Provinz statt großer weiter Fußball-Welt, aber der Keeper ist mit sich „im Reinen“

Wieses Wahl: Mailand oder Madrid? Hauptsache Hoffenheim!

Nein, ein Schattenmann ist Tim Wiese bei Werder nie gewesen. Der Torwart stand im Rampenlicht, am Samstag tritt er jedoch von der Bremer Bühne ab. ·

Bremen - von Carsten Sander. Andreas Möller war es, der einst zum Urheber eines der kultigsten Fußballer-Zitate wurde. „Mailand oder Madrid? Hauptsache Italien“, hatte er gesagt. Um Tim Wieses Suchen und Finden eines neuen Arbeitgebers zu beschreiben, muss der Möller-Spruch leicht abgewandelt werden. Mailand oder Madrid? Hauptsache Hoffenheim!

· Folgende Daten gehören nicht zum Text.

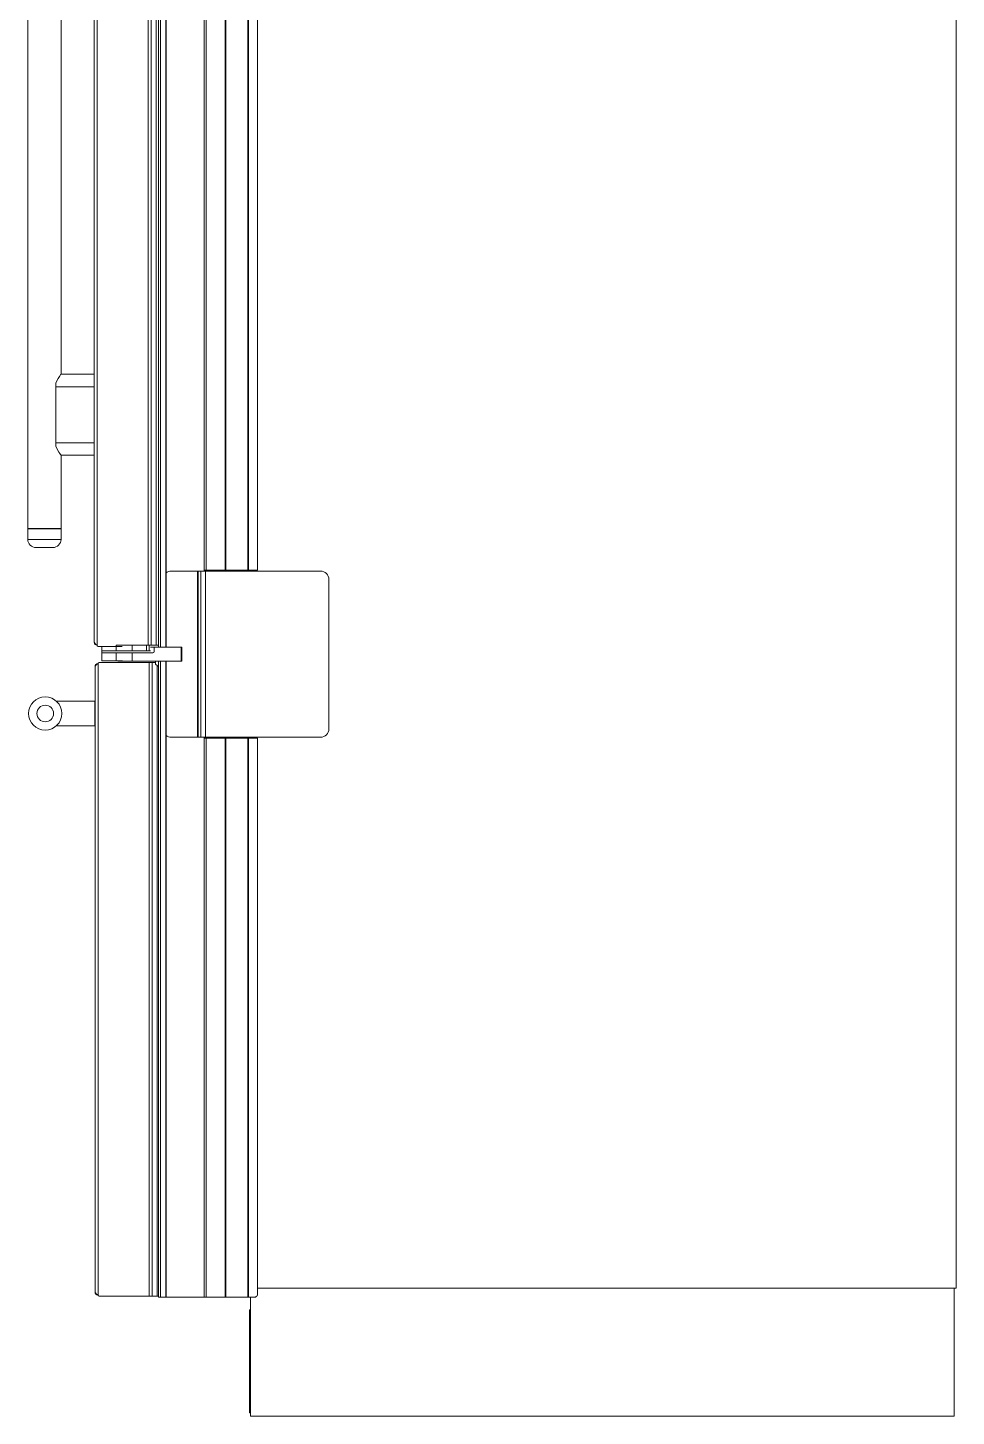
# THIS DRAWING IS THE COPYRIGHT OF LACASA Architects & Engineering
# Model space of a CAD drawing. Header units: millimetres. Extents: x -10942 to 92711, y -16583 to 30009.
# Drawn here: x -3777 to -3067, y 886 to 1947 of the extents above; entities that cross this region are included whole.
import ezdxf

# ---------------------------------------------------------------- set-up
doc = ezdxf.new("R2010")
doc.units = ezdxf.units.MM
doc.header["$LTSCALE"] = 1000
doc.header["$MEASUREMENT"] = 0

# ---------------------------------------------------------------- blocks, each defined once
blk = doc.blocks.new('subzero-BI-36UG-S - RH side')
at = {"color": 7, "linetype": 'Continuous', "lineweight": 0}
for p, q in [((11.986, 40.886), (11.986, -10.41)), ((12.046, 40.886), (12.046, -10.412)), ((12.208, -10.412), (12.208, 40.886)), ((12.218, -10.412), (12.218, 40.886)), ((13.368, -8.088), (13.368, 40.886)), ((13.428, 40.886), (13.428, -8.088)), ((13.993, -8.088), (13.993, 40.886)), ((14.003, 40.886), (14.003, -8.088)), ((14.013, 40.886), (14.013, -8.088)), ((14.673, -8.088), (14.673, 40.342)), ((14.683, -8.088), (14.683, 40.332)), ((14.693, 40.322), (14.693, -8.088)), ((10.145, 39.775), (10.145, -10.35)), ((11.679, -10.352), (11.679, 39.814)), ((11.769, 39.814), (11.769, -10.352)), ((11.921, -10.352), (11.921, 39.814)), ((14.968, -8.088), (14.968, 40.023)), ((36.005, -29.704), (36.005, 39.796)), ((10.055, -10.26), (10.055, 39.685)), ((8.055, 36.262), (8.055, -6.837)), ((9.055, -2.195), (9.055, 31.62)), ((8.901, -2.568), (8.901, -2.464)), ((10.05, -2.193), (9.053, -2.193)), ((10.05, -2.568), (10.05, -2.193)), ((8.901, -2.568), (10.05, -2.568)), ((8.901, -2.568), (8.901, -4.258)), ((10.05, -2.568), (10.055, -2.568)), ((10.05, -4.258), (10.05, -2.568)), ((8.901, -4.258), (10.05, -4.258)), ((8.901, -4.362), (8.901, -4.258)), ((10.055, -4.258), (10.05, -4.258)), ((10.05, -4.633), (10.05, -4.258)), ((9.053, -4.633), (10.05, -4.633)), ((9.055, -6.837), (9.055, -4.63)), ((8.055, -6.837), (9.055, -6.837)), ((8.555, -6.842), (8.055, -6.842)), ((8.055, -6.842), (8.055, -7.163)), ((8.121, -6.837), (8.121, -6.842)), ((9.055, -6.842), (8.555, -6.842)), ((8.989, -6.842), (8.989, -6.837)), ((9.055, -7.163), (9.055, -6.842)), ((8.555, -7.163), (8.055, -7.163)), ((8.555, -7.413), (8.305, -7.413)), ((9.055, -7.163), (8.555, -7.163)), ((8.805, -7.413), (8.555, -7.413)), ((13.158, -8.119), (12.369, -8.119)), ((13.158, -13.119), (13.158, -8.119)), ((13.178, -8.119), (13.158, -8.119)), ((13.264, -8.119), (13.178, -8.119)), ((13.178, -13.119), (13.178, -8.119)), ((13.264, -13.119), (13.264, -8.119)), ((13.399, -8.119), (13.264, -8.119)), ((13.428, -8.088), (13.368, -8.088)), ((13.368, -8.088), (13.368, -8.119)), ((13.399, -13.119), (13.399, -8.119)), ((16.869, -8.119), (13.399, -8.119)), ((13.993, -8.088), (13.428, -8.088)), ((13.468, -8.088), (13.468, -8.119)), ((14.003, -8.088), (13.993, -8.088)), ((14.003, -8.088), (14.013, -8.088)), ((14.013, -8.088), (14.673, -8.088)), ((14.673, -8.088), (14.683, -8.088)), ((14.693, -8.088), (14.683, -8.088)), ((14.968, -8.088), (14.693, -8.088)), ((17.119, -12.869), (17.119, -8.369)), ((10.145, -10.37), (10.145, -10.35)), ((10.145, -10.37), (10.176, -10.39)), ((10.899, -10.39), (10.176, -10.39)), ((10.28, -10.39), (10.28, -10.514)), ((10.718, -10.35), (10.718, -10.514)), ((10.718, -10.35), (11.145, -10.35)), ((10.899, -10.352), (11.198, -10.352)), ((11.145, -10.352), (11.145, -10.35)), ((11.198, -10.352), (11.198, -10.516)), ((11.198, -10.352), (11.625, -10.352)), ((11.625, -10.516), (11.625, -10.352)), ((11.625, -10.352), (11.712, -10.352)), ((11.712, -10.352), (11.712, -10.516)), ((11.986, -10.352), (11.712, -10.352)), ((11.751, -10.41), (12.193, -10.41)), ((11.857, -10.536), (11.857, -10.412)), ((11.857, -10.412), (12.673, -10.412)), ((12.193, -10.412), (12.193, -10.41)), ((12.673, -10.826), (12.673, -10.412)), ((12.673, -10.412), (12.693, -10.412)), ((12.693, -10.412), (12.693, -10.826)), ((10.28, -10.514), (10.28, -10.574)), ((10.28, -10.514), (10.718, -10.514)), ((10.28, -10.574), (10.28, -10.824)), ((10.28, -10.574), (10.718, -10.574)), ((10.28, -10.574), (10.718, -10.574)), ((10.28, -10.824), (10.718, -10.824)), ((10.718, -10.514), (10.899, -10.514)), ((10.718, -10.574), (10.718, -10.824)), ((10.718, -10.574), (10.9, -10.574)), ((10.718, -10.824), (10.9, -10.824)), ((10.76, -10.824), (10.76, -10.826)), ((10.76, -10.826), (11.198, -10.826)), ((10.872, -10.516), (11.198, -10.516)), ((10.9, -10.576), (11.198, -10.576)), ((10.9, -10.576), (11.198, -10.576)), ((11.198, -10.516), (11.625, -10.516)), ((11.198, -10.576), (11.198, -10.826)), ((11.198, -10.576), (11.817, -10.576)), ((11.198, -10.826), (12.673, -10.826)), ((11.712, -10.516), (11.625, -10.516)), ((11.751, -10.516), (11.712, -10.516)), ((11.897, -10.851), (11.897, -10.914)), ((11.986, -10.826), (11.986, -29.974)), ((12.046, -10.826), (12.046, -29.974)), ((12.208, -29.974), (12.208, -10.826)), ((12.218, -29.974), (12.218, -10.826)), ((12.693, -10.826), (12.673, -10.826)), ((10.079, -29.815), (10.079, -10.995)), ((10.2, -10.866), (10.169, -10.885)), ((10.169, -10.885), (10.169, -10.905)), ((10.169, -10.905), (10.169, -29.905)), ((10.2, -10.866), (11.703, -10.866)), ((11.703, -29.944), (11.703, -10.866)), ((11.703, -10.866), (11.793, -10.866)), ((11.793, -10.866), (11.793, -29.944)), ((11.897, -10.866), (11.793, -10.866)), ((11.907, -10.934), (11.986, -10.995)), ((11.945, -29.944), (11.945, -10.964)), ((8.926, -12.045), (8.926, -12.03)), ((8.926, -12.03), (10.074, -12.03)), ((10.074, -12.78), (10.074, -12.03)), ((8.926, -12.78), (8.926, -12.765)), ((8.926, -12.78), (10.074, -12.78)), ((12.369, -13.119), (13.158, -13.119)), ((13.158, -13.119), (13.178, -13.119)), ((13.178, -13.119), (13.264, -13.119)), ((13.264, -13.119), (13.399, -13.119)), ((13.368, -13.119), (13.368, -13.15)), ((13.368, -29.974), (13.368, -13.15)), ((13.368, -13.15), (13.428, -13.15)), ((13.399, -13.119), (16.869, -13.119)), ((13.428, -13.15), (13.428, -29.974)), ((13.428, -13.15), (13.993, -13.15)), ((13.468, -13.119), (13.468, -13.15)), ((13.993, -29.974), (13.993, -13.15)), ((13.993, -13.15), (14.003, -13.15)), ((14.003, -13.15), (14.003, -29.974)), ((14.013, -13.15), (14.003, -13.15)), ((14.013, -13.15), (14.013, -29.974)), ((14.673, -13.15), (14.013, -13.15)), ((14.673, -29.974), (14.673, -13.15)), ((14.683, -13.15), (14.673, -13.15)), ((14.683, -29.974), (14.683, -13.15)), ((14.683, -13.15), (14.693, -13.15)), ((14.693, -13.15), (14.693, -29.974)), ((14.693, -13.15), (14.968, -13.15)), ((14.968, -29.912), (14.968, -13.15)), ((10.169, -29.925), (10.169, -29.905)), ((10.169, -29.925), (10.2, -29.944)), ((11.703, -29.944), (10.2, -29.944)), ((11.793, -29.944), (11.703, -29.944)), ((11.793, -29.944), (11.945, -29.944)), ((11.986, -29.944), (11.945, -29.944)), ((12.046, -29.974), (11.986, -29.974)), ((12.046, -29.974), (12.208, -29.974)), ((12.208, -29.974), (12.218, -29.974)), ((12.218, -29.974), (13.368, -29.974)), ((13.428, -29.974), (13.368, -29.974)), ((13.428, -29.974), (13.993, -29.974)), ((14.003, -29.974), (13.993, -29.974)), ((14.003, -29.974), (14.013, -29.974)), ((14.013, -29.974), (14.673, -29.974)), ((14.673, -29.974), (14.683, -29.974)), ((14.693, -29.974), (14.683, -29.974)), ((14.693, -29.974), (14.905, -29.974)), ((14.756, -29.974), (14.756, -30.756)), ((14.968, -29.704), (36.005, -29.704)), ((35.943, -33.554), (35.943, -29.704)), ((14.756, -30.36), (14.726, -30.36)), ((14.726, -30.36), (14.726, -30.756)), ((14.756, -30.756), (14.726, -30.756)), ((14.726, -31.006), (14.726, -30.756)), ((14.756, -30.756), (14.756, -31.006)), ((14.756, -31.006), (14.726, -31.006)), ((14.726, -31.006), (14.726, -33.204)), ((14.756, -33.204), (14.756, -31.006)), ((14.756, -33.204), (14.726, -33.204)), ((14.726, -33.454), (14.726, -33.204)), ((14.756, -33.204), (14.756, -33.454)), ((14.756, -33.454), (14.726, -33.454)), ((14.756, -33.454), (14.756, -33.554)), ((14.756, -33.554), (35.943, -33.554))]:
    blk.add_line(p, q, dxfattribs=at)
blk.add_lwpolyline([(8.901, -4.362), (8.937, -4.449), (8.988, -4.537), (9.015, -4.578), (9.038, -4.61), (9.054, -4.632), (9.053, -4.63)], dxfattribs=at)
for radius in [0.5, 0.25]:
    blk.add_circle((8.579, -12.405), radius, dxfattribs=at)
for centre, radius, start, end in [((9.834, -2.813), 0.996, 141.6865, 159.471), ((10.05, -2.198), 0.005, 0, 90), ((10.05, -4.628), 0.005, 270, 0), ((8.305, -7.163), 0.25, 180, 270), ((8.805, -7.163), 0.25, 270, 0), ((12.369, -8.369), 0.25, 90, 127.2975), ((16.869, -8.369), 0.25, 0, 90), ((10.203, -10.202), 0.159, 201.4514, 248.549), ((10.145, -10.26), 0.09, 180, 270.0002), ((11.817, -10.536), 0.04, 270, 0), ((11.922, -10.851), 0.025, 90, 180), ((10.228, -11.053), 0.159, 111.4504, 158.5492), ((10.169, -10.995), 0.09, 89.9996, 180), ((11.922, -10.914), 0.025, 180, 232.5), ((10.074, -12.035), 0.005, 0, 90), ((10.074, -12.775), 0.005, 270, 0), ((16.869, -12.869), 0.25, 270, 0), ((12.369, -12.869), 0.25, 232.7025, 270), ((10.228, -29.757), 0.159, 201.4511, 248.549), ((10.169, -29.815), 0.09, 180, 270.0001), ((14.718, -29.724), 0.313, 306.8699, 323.1301), ((14.757, -30.36), 0.031, 91.8486, 180)]:
    blk.add_arc(centre, radius, start, end, dxfattribs=at)

msp = doc.modelspace()

# ---------------------------------------------------------------- block references
at = {"xscale": 25.4, "yscale": 25.4, "zscale": 25.4}
msp.add_blockref('subzero-BI-36UG-S - RH side', (-3981.4, 1738.2), dxfattribs=at)

doc.saveas('drawing.dxf')

Denn der Nationaltorhüter hat gestern einen bis 2016 datierten Vertrag bei 1899 Hoffenheim unterschrieben. Dabei hatte er tags zuvor noch das Interesse Real Madrids bestätigt, dabei waren angeblich auch Clubs wie AC und Inter Mailand sowie Tottenham Hotspur interessiert. Noch gestern Mittag war sein Berater Roger Wittmann bei Sky Sport News zitiert worden, er habe sechs unterschriftsreife Verträge ausgehandelt. Hoffenheim, der Club aus der Provinz, machte aber das Rennen. Über die Gründe und über seinen bevorstehenden Abschied von Werder Bremen am Samstag spricht Tim Wiese im Interview.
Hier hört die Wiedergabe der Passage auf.